The Lamont-Doherty Earth Observatory (LDEO) of Columbia University located in Palisades, New York, invites applications for up to two Postdoctoral Research Scientists to conduct research in the fields of climate & glacial geology and cosmogenic nuclide science. The successful candidate(s) would join the LDEO Cosmogenic Nuclide Laboratory (https://cosmo.ldeo.columbia.edu/) and apply novel cosmogenic isotope techniques (10Be and in situ 14C from new extraction line) within transdisciplinary multi-institution projects aimed at 1) evaluating the global response of mountain glaciers to past, modern and future climate, the contribution to sea-level rise and impacts on frontline communities down- stream, and 2) testing the (in)stability of the Greenland Ice Sheet in warmer climates and constraining the Holocene evolution of the Greenland Ice Sheet. The successful candidates would work with LDEO project teams lead by Joerg Schaefer and Nicolás Young.
Both projects are funded through the U.S. National Science Foundation and bring together a wide range of disciplines and a diverse team of junior and senior researchers.
EAR-Climate - Mountain Glacier Contribution to Sea Level CE 1900-2100 (MAGIC): The trans-disciplinary MAGIC project is designed to providing robust and accurate predictions of mountain glacier melt rates across the globe together with its contribution to sea-level rise on the global and local scale, and to evaluate the first order impacts of glacier change on societies. This project will combine geologic reconstructions of glacier change based on cosmogenic nuclide dating with satellite observations and novel Artificial Intelligence (AI) approaches, to establish a multi-decadal to centennial calibration framework for a new generation of glacier and solid earth models. The successful candidate will work on the cosmogenic nuclide aspect of this project, with the expectation to build synergy bridges to the glacier and solid earth model, AI and societal impact elements of MAGIC.
OPP-Arctic System Science - Response of the Greenland Ice Sheet to ocean and atmosphere forcing in a changing Arctic system – integrating data and modeling to quantify rates of change: This project brings together experts from the fields of ice-sheet modeling, glaciology, atmospheric science, data assimilation, ice-core studies, ice-sheet history, paleoclimate reconstruction, and public outreach to better understand the Holocene history of the GrIS and how the GrIS may evolve in the coming centuries. The successful candidate will primarily work with using cosmogenic nuclides to constrain ice-margin change.
A PhD in earth sciences or a closely related field.
Experience in publishing peer-reviewed publications and delivering talks at conferences.
Experience working in a geochemical laboratory setting.
Experience with cosmogenic nuclides including their extraction from geological samples and processing/interpretation of nuclide measurement datasets.
Completion (or willingness) of remote fieldwork in Arctic settings for extended periods of time.
Appointment will be for 1-year with continuation for up to 3 years possible pending progress and funding.
The search will remain open for at least 30 days after the ad appears and will continue until the position is filled.
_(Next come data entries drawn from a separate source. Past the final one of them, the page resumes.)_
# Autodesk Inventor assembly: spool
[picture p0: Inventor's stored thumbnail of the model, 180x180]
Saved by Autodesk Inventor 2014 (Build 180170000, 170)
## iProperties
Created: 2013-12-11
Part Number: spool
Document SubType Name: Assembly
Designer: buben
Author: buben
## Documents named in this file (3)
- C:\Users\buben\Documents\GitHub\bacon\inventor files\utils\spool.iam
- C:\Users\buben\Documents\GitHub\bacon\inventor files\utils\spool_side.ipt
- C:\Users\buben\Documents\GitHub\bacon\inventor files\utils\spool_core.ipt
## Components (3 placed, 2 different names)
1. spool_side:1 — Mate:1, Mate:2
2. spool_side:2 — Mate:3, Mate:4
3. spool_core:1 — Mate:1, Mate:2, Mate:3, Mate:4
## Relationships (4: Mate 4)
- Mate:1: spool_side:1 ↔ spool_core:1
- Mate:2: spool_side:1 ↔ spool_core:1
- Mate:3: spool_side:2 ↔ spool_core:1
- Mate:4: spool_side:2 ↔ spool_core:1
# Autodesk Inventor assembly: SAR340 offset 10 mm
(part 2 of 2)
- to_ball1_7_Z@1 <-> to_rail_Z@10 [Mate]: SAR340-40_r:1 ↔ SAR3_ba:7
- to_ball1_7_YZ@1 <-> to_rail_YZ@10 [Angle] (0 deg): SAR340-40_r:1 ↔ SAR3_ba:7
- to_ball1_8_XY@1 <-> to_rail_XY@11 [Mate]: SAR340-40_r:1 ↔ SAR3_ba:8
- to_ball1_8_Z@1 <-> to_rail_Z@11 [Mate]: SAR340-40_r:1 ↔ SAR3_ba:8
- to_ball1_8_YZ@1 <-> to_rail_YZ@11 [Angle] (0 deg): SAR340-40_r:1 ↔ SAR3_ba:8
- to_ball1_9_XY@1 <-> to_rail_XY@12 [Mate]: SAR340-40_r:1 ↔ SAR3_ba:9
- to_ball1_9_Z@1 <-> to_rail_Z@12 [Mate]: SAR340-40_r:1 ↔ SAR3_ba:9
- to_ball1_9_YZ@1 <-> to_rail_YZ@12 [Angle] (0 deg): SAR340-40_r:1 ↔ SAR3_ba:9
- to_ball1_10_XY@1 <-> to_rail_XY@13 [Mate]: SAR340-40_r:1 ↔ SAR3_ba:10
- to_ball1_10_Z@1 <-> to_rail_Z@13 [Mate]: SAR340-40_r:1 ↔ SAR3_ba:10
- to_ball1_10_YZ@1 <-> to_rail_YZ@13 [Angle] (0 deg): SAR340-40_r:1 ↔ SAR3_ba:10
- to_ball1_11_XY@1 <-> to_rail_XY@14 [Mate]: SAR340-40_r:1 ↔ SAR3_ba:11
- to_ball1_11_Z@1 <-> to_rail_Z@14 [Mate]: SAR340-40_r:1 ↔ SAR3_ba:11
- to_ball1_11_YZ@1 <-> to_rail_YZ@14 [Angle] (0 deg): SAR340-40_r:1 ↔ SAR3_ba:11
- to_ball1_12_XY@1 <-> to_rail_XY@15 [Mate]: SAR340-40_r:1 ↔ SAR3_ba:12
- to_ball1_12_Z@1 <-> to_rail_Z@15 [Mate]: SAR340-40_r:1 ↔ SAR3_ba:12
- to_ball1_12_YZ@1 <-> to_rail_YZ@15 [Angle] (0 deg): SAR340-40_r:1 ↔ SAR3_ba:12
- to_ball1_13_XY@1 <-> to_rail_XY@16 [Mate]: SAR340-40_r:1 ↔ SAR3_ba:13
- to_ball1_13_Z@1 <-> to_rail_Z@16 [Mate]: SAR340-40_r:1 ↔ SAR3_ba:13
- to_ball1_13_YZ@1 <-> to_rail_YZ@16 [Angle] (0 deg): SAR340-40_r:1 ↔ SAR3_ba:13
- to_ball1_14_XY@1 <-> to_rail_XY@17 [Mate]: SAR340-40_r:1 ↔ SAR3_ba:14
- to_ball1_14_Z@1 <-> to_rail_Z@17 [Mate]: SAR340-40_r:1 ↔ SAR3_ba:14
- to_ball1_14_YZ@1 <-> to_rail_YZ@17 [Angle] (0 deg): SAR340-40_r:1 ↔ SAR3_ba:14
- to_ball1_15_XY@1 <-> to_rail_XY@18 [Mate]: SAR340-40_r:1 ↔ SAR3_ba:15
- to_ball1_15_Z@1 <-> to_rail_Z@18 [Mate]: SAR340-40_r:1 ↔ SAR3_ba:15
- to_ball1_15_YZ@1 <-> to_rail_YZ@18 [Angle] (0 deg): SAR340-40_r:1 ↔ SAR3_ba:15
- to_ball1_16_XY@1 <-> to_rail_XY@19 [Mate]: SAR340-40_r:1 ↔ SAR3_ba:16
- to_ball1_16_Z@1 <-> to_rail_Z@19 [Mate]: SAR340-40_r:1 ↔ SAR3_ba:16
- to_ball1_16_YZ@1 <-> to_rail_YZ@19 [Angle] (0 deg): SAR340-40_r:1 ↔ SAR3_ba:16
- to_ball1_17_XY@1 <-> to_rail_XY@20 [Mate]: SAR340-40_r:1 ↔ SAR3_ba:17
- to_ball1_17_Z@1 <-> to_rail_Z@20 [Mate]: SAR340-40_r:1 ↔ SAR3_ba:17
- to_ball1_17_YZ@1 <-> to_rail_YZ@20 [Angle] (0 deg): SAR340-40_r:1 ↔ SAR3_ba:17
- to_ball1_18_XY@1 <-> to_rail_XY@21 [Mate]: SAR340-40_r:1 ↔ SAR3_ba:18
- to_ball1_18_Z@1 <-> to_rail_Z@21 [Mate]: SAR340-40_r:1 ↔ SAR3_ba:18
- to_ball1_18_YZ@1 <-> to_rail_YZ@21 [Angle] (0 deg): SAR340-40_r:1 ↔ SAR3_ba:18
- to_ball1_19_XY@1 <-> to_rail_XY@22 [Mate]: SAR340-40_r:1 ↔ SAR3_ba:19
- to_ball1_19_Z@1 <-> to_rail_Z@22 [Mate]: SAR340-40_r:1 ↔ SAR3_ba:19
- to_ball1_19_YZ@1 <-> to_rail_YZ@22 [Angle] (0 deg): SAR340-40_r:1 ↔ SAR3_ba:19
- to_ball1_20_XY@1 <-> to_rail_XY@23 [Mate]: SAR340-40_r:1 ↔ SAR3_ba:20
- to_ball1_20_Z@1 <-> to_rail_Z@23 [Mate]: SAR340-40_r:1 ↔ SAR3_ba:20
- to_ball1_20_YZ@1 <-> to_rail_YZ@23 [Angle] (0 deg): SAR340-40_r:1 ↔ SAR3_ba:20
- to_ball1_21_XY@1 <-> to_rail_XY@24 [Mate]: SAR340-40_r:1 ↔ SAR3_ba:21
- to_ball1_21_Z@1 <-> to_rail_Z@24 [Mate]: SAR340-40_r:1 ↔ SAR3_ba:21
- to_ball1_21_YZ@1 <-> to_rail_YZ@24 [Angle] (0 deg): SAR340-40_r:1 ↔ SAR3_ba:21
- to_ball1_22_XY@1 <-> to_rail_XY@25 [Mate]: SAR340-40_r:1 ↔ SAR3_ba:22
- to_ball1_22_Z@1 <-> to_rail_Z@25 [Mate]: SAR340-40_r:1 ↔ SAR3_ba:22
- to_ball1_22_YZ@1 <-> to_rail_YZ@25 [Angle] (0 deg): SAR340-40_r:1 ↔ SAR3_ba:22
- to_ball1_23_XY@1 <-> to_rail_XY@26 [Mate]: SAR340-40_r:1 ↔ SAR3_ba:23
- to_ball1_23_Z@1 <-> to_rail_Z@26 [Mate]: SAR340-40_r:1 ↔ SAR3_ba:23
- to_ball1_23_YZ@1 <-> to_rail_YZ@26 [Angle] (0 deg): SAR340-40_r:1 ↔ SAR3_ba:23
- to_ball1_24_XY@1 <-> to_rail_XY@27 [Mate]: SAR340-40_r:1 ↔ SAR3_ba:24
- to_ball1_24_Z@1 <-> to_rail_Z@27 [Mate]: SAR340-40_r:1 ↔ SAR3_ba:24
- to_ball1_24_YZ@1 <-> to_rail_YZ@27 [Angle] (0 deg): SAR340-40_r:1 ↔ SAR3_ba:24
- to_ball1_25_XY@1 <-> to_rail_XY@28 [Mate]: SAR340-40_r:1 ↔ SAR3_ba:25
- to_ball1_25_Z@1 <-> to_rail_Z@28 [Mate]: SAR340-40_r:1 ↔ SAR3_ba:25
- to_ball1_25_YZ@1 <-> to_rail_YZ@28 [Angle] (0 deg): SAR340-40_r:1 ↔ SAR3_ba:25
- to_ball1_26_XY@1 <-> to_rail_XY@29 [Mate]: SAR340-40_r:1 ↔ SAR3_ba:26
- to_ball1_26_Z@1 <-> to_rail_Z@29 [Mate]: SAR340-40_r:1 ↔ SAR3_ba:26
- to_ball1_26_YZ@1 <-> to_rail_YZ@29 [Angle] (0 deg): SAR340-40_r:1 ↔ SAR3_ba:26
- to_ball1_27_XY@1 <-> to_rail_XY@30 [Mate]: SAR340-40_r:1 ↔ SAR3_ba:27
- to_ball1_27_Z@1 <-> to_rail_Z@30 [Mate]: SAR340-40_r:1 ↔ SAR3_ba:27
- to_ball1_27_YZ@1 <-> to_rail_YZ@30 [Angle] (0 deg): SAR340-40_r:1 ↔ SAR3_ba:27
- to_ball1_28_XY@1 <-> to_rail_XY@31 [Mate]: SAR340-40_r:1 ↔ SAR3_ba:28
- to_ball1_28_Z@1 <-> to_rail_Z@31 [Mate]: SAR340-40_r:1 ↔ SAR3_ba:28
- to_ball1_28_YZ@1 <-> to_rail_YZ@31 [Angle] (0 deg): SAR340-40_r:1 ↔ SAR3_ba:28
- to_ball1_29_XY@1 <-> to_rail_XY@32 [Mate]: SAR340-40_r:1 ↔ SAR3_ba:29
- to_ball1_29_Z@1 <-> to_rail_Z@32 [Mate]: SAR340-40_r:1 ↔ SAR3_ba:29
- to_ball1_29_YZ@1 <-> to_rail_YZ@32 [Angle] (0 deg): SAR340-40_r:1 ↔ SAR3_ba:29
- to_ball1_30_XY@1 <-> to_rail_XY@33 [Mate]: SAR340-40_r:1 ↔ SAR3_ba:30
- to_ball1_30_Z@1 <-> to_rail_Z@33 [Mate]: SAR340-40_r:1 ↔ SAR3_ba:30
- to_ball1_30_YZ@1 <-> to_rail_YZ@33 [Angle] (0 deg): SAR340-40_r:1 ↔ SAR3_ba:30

Columbia University benefits are offered with this Officer of Research appointment.
The Lamont campus values diversity and inclusion, and encourages applications from members of underrepresented minority groups.
Salary range: $70,000 - $70,000
We accept online applications only.
Columbia University is an Equal Opportunity Employer / Disability / Veteran
Pay Transparency Disclosure
The salary of the finalist selected for this role will be set based on a variety of factors, including but not limited to departmental budgets, qualifications, experience, education, licenses, specialty, and training. The above hiring range represents the University's good faith and reasonable estimate of the range of possible compensation at the time of posting.
Columbia University is one of the world's most important centers of research and at the same time a distinctive and distinguished learning environment for undergraduates and graduate students in many scholarly and professional fields. The University recognizes the importance of its location in New York City and seeks to link its research and teaching to the vast resources of a great metropolis. It seeks to attract a diverse and international faculty and student body, to support research and teaching on global issues, and to create academic relationships with many countries and regions. It expects all areas of the university to advance knowledge and learning at the highest level and to convey the products of its efforts to the world.